- WHAT YOU ARE ASKED TO DO
Your task is to count the lines of the records that contain "Polygon". Answer with the number and nothing else.

# # # # # # #

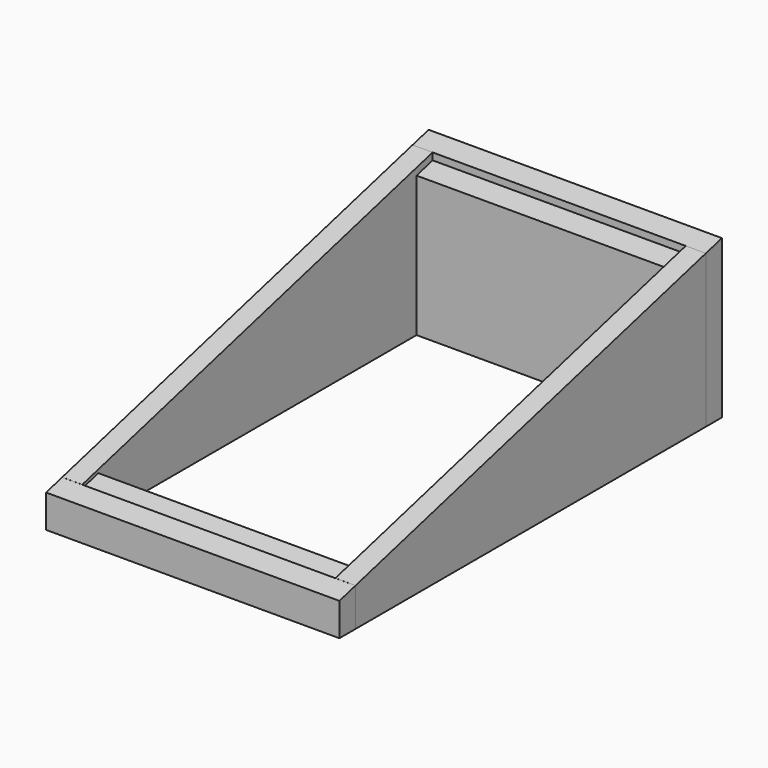
from build123d import *

# Parameters (mm, degrees)
F1_DEPTH   = 36.255
F2_DEPTH   = 39.3
F3_DEPTH   = 9.5
F4_DEPTH   = 10
F5_DEPTH   = 38
F6_SIZE2   = 28.489896
F6_SIZE    = 108.99999
F7_SIZE2   = 1.306866
F7_SIZE    = 4.99999
F7_2_SIZE2 = 1.306866
F7_2_SIZE  = 4.99999
F8_SIZE2   = 1.306866
F8_SIZE    = 4.99999
F8_2_SIZE2 = 1.306866
F8_2_SIZE  = 4.99999
F9_SIZE2   = 28.489896
F9_SIZE    = 108.99999


# Not quite as in the source:
# - a fillet or chamfer is up to 0.001 mm smaller than in the source, because OpenCascade refuses the exact size


with BuildPart() as f1:
    # F0 (on Top) → F1 (new body)
    with BuildSketch(Plane.XY):
        Polygon((63, -5), (63, 0), (0, 0), (0, -5), (5, -5), (58, -5), align=None)
    extrude(amount=F1_DEPTH)

    # F0 (on Top) → F2 (join)
    with BuildSketch(Plane.XY):
        Polygon((0, 0), (63, 0), (68, 0), (68, 5), (-5, 5), (-5, 0), align=None)
    extrude(amount=F2_DEPTH)

    # F7#2 (size 5 and 1.3068764239 in the source; OpenCascade refuses exactly that, so slightly less here)
    f7_2_edges = [f1.edges().sort_by_distance(p)[0] for p in [
        (31.5, 0, 39.3),
    ]]
    f7_2_side = f1.faces().sort_by_distance((31.5, 2.5, 39.3))[0]
    chamfer(f7_2_edges, length=F7_2_SIZE, length2=F7_2_SIZE2, reference=f7_2_side)

    # F8 (size 5 and 1.3068764239 in the source; OpenCascade refuses exactly that, so slightly less here)
    f8_edges = [f1.edges().sort_by_distance(p)[0] for p in [
        (31.5, -5, 36.255),
    ]]
    f8_side = f1.faces().sort_by_distance((31.5, -2.5, 36.255))[0]
    chamfer(f8_edges, length=F8_SIZE, length2=F8_SIZE2, reference=f8_side)


with BuildPart() as f3:
    # F0 (on Top) → F3 (new body)
    with BuildSketch(Plane.XY):
        Polygon((68, -114), (68, -109), (63, -109), (0, -109), (-5, -109), (-5, -114), align=None)
    extrude(amount=F3_DEPTH)

    # F7 (size 5 and 1.3068764239 in the source; OpenCascade refuses exactly that, so slightly less here)
    f7_edges = [f3.edges().sort_by_distance(p)[0] for p in [
        (31.5, -114, 9.5),
    ]]
    f7_side = f3.faces().sort_by_distance((31.5, -111.5, 9.5))[0]
    chamfer(f7_edges, length=F7_SIZE, length2=F7_SIZE2, reference=f7_side)


with BuildPart() as f4:
    # F0 (on Top) → F4 (new body)
    with BuildSketch(Plane.XY):
        Polygon((63, -109), (63, -104), (58, -104), (5, -104), (0, -104), (0, -109), align=None)
    extrude(amount=F4_DEPTH)

    # F8#2 (size 5 and 1.3068764239 in the source; OpenCascade refuses exactly that, so slightly less here)
    f8_2_edges = [f4.edges().sort_by_distance(p)[0] for p in [
        (31.5, -109, 10),
    ]]
    f8_2_side = f4.faces().sort_by_distance((31.5, -106.5, 10))[0]
    chamfer(f8_2_edges, length=F8_2_SIZE, length2=F8_2_SIZE2, reference=f8_2_side)


with BuildPart() as f5:
    # F0 (on Top) → F5 (new body)
    with BuildSketch(Plane.XY):
        Polygon((68, 0), (63, 0), (63, -5), (63, -104), (63, -109), (68, -109), align=None)
    extrude(amount=F5_DEPTH)

    # F6 (size 109 and 28.4899060414 in the source; OpenCascade refuses exactly that, so slightly less here)
    f6_edges = [f5.edges().sort_by_distance(p)[0] for p in [
        (65.5, -109, 38),
    ]]
    f6_side = f5.faces().sort_by_distance((65.5, -54.5, 38))[0]
    chamfer(f6_edges, length=F6_SIZE, length2=F6_SIZE2, reference=f6_side)


with BuildPart() as f5b:
    # F0 (on Top) → F5, piece 2 (new body)
    with BuildSketch(Plane.XY):
        Polygon((0, -5), (0, 0), (-5, 0), (-5, -109), (0, -109), (0, -104), align=None)
    extrude(amount=F5_DEPTH)

    # F9 (size 109 and 28.4899060414 in the source; OpenCascade refuses exactly that, so slightly less here)
    f9_edges = [f5b.edges().sort_by_distance(p)[0] for p in [
        (-2.5, -109, 38),
    ]]
    f9_side = f5b.faces().sort_by_distance((-2.5, -54.5, 38))[0]
    chamfer(f9_edges, length=F9_SIZE, length2=F9_SIZE2, reference=f9_side)


solid = Compound([f1.part, f3.part, f4.part, f5.part, f5b.part])

# # # # # # #

- EXPECTED ANSWER
6